This has not been easy given the erratic nature of the Trump administration. In April 2020, news of an American offer to the self-governing territory of $12 million in financial support and the slated re-opening of the U.S. consulate in Nuuk sparked outrage among many politicians in Copenhagen, coming barely a year after the Danish and Greenlandic governments rebuffed U.S. president Donald Trump’s awkward expression of interest in buying Greenland. And while Greenlanders appear delighted at the most recent U.S. overtures, stating that “our work on building a constructive relationship with the United States is [proving] fruitful,” the Trump administration left doubt that strategic calculations were behind its “provision of assistance:” to counter, as a Senior U.S. State Department official put it, Russia’s “military build-up in the Arctic” and Chinese efforts to “winkle their way” into Greenland.67

Since the Cold War, the United States has been the least active and least assertive of the littoral Arctic nations and has lacked a clear, comprehensive and consistent Arctic strategy for much of the post-Soviet era. U.S. administrations have not treated the Arctic region as a U.S. national security priority on par with Europe, Asia and the Middle East, nor did they pursue comprehensive or well-resourced policies towards the region. In fact, U.S. officials actively sought to keep Russian-U.S. frictions out of the Arctic. However, since Moscow annexed Ukraine’s Crimean peninsula in 2014 and launched a proxy war in eastern Ukraine, Western governments have suspended most dialogue with the Russian military.

Today, the Arctic, peripheral to U.S. security policy for almost three decades, has returned to the forefront of American politics, though not entirely in its own right. Alaska appeared in the news because the Trump administration promoted its off- and onshore hydrocarbon agenda as well as pledging drilling lease sales for gold and copper mining, not because it was worried about the UN’s declaration of a climate emergency. Energy needs (and the energy lobby) and mining riches, not global warming, are the push factors why the White House is looking North.68 Indeed, America remains the odd state out when it comes to Arctic governance, still not having ratified the UNCLOS and pulling out of the 2015 Paris Climate Agreement.
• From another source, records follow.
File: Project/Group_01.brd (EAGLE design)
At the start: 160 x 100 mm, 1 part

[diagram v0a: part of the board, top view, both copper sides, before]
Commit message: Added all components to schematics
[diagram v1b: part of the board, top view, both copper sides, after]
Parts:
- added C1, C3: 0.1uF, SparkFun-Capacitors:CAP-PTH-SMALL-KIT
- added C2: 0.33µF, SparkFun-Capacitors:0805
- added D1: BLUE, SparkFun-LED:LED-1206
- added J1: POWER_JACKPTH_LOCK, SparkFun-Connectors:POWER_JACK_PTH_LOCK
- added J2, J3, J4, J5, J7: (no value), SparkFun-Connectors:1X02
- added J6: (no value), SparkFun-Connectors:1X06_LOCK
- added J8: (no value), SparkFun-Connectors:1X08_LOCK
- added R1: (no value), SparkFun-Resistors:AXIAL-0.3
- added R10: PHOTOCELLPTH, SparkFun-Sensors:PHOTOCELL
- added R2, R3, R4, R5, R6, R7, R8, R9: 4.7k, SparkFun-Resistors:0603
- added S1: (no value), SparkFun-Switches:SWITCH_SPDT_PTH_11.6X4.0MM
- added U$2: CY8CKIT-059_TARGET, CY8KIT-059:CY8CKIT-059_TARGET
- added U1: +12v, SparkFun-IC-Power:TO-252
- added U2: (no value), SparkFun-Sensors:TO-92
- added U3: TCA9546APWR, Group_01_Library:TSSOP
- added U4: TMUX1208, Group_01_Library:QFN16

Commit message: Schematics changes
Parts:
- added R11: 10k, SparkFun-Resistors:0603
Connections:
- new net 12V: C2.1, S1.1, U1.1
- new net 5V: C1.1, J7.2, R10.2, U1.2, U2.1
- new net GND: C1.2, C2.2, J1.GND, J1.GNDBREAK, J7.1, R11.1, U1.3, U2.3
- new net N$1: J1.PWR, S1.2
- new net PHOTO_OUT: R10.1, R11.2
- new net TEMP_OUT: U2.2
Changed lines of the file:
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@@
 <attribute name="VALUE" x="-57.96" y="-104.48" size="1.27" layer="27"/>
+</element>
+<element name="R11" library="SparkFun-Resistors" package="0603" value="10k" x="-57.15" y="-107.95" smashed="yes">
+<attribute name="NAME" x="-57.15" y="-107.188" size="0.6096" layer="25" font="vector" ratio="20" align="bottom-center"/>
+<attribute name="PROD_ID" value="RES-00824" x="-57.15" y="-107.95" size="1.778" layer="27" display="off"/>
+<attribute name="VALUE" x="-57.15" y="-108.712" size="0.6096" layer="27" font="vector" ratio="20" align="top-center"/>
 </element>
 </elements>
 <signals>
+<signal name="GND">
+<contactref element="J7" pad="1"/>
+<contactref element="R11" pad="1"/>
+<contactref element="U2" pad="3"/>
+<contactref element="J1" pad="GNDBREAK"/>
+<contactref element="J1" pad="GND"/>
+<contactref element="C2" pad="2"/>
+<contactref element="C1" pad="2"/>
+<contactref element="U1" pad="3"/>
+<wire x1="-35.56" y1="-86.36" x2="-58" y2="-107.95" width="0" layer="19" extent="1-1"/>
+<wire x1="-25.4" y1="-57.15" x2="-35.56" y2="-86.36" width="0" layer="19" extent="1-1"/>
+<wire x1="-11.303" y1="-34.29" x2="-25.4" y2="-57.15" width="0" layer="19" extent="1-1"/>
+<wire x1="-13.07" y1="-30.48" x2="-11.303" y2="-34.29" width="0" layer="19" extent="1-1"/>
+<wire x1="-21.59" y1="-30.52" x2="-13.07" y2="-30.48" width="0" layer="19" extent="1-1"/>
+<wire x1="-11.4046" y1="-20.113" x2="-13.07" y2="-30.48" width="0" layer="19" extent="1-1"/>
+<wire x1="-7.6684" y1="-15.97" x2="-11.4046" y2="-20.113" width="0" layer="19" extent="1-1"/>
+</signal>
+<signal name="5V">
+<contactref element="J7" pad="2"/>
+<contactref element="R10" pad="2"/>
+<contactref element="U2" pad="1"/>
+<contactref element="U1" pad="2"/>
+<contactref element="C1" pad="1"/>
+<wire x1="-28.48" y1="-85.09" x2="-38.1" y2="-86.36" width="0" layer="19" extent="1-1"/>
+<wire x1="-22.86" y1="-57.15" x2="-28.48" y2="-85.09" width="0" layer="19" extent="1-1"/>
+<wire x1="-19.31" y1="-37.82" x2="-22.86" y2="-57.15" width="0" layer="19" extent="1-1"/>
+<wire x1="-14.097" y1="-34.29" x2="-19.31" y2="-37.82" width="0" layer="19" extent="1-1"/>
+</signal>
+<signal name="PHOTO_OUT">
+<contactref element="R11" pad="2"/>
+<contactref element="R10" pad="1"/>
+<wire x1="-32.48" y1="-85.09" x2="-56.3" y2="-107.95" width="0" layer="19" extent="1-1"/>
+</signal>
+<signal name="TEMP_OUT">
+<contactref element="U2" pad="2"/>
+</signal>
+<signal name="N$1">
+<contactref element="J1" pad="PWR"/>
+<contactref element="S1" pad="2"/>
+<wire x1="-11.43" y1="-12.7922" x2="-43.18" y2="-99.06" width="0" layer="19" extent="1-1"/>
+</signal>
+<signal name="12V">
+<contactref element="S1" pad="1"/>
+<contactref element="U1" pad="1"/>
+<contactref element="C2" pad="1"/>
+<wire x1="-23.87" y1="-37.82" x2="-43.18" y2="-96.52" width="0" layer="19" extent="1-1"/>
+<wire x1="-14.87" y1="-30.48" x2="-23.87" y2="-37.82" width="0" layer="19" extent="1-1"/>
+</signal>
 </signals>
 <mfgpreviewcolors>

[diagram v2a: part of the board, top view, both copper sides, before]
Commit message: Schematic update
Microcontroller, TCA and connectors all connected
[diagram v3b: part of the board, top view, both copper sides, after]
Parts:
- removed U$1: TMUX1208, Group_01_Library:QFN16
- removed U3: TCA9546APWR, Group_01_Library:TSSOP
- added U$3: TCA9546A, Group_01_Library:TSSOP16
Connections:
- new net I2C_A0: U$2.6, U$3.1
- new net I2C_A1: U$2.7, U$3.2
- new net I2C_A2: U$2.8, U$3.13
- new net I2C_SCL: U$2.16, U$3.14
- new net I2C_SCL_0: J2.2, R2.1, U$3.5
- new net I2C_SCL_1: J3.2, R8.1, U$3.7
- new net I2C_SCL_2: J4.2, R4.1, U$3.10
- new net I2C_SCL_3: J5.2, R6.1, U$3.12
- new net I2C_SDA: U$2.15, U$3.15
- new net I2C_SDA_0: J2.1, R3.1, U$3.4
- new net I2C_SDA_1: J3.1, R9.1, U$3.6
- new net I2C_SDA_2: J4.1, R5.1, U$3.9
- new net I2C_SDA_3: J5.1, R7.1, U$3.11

The Pentagon’s April 2019 Arctic Strategy commits the Department of Defense to work with allies and partners to counter unwarranted Russian and Chinese territorial claims and maintain free and open access to the region. This reactive position in the Arctic is a sign that the United States has begun to consider how to project force in the North in the context of great power competition. The Coast Guard now plans to add six new polar ice-cutters for Arctic and Antarctic missions, in addition to its current two.69 It has also announced that it will conduct freedom-of-navigation operations in the Arctic to contest Russian claims that the NSR is an internal rather than an international body of water. Furthermore, the U.S. Navy has relaunched its Second Fleet in the North Atlantic and expanded exercises in the Arctic Ocean, while the U.S. Air Force’s July 2020 Comprehensive Strategy is premised on exercise vigilance that “recognizes the immense geostrategic consequence of the region and its critical role for protecting the homeland and projecting global power,” all to be underpinned by a combat-credible force.70

For all this recent activity and bombastic rhetoric, the United States—together with Canada, and the Nordic countries—has continued to work with Russia on a range of issues in the Arctic, including search and rescue (SAR) under the May 2011 Arctic Council agreement on Arctic SAR, and creating a scheme for managing two-way shipping traffic through the Bering Strait and Bering Sea in 2018. Some observers see possibilities for further U.S.-Russian coaction in the Arctic.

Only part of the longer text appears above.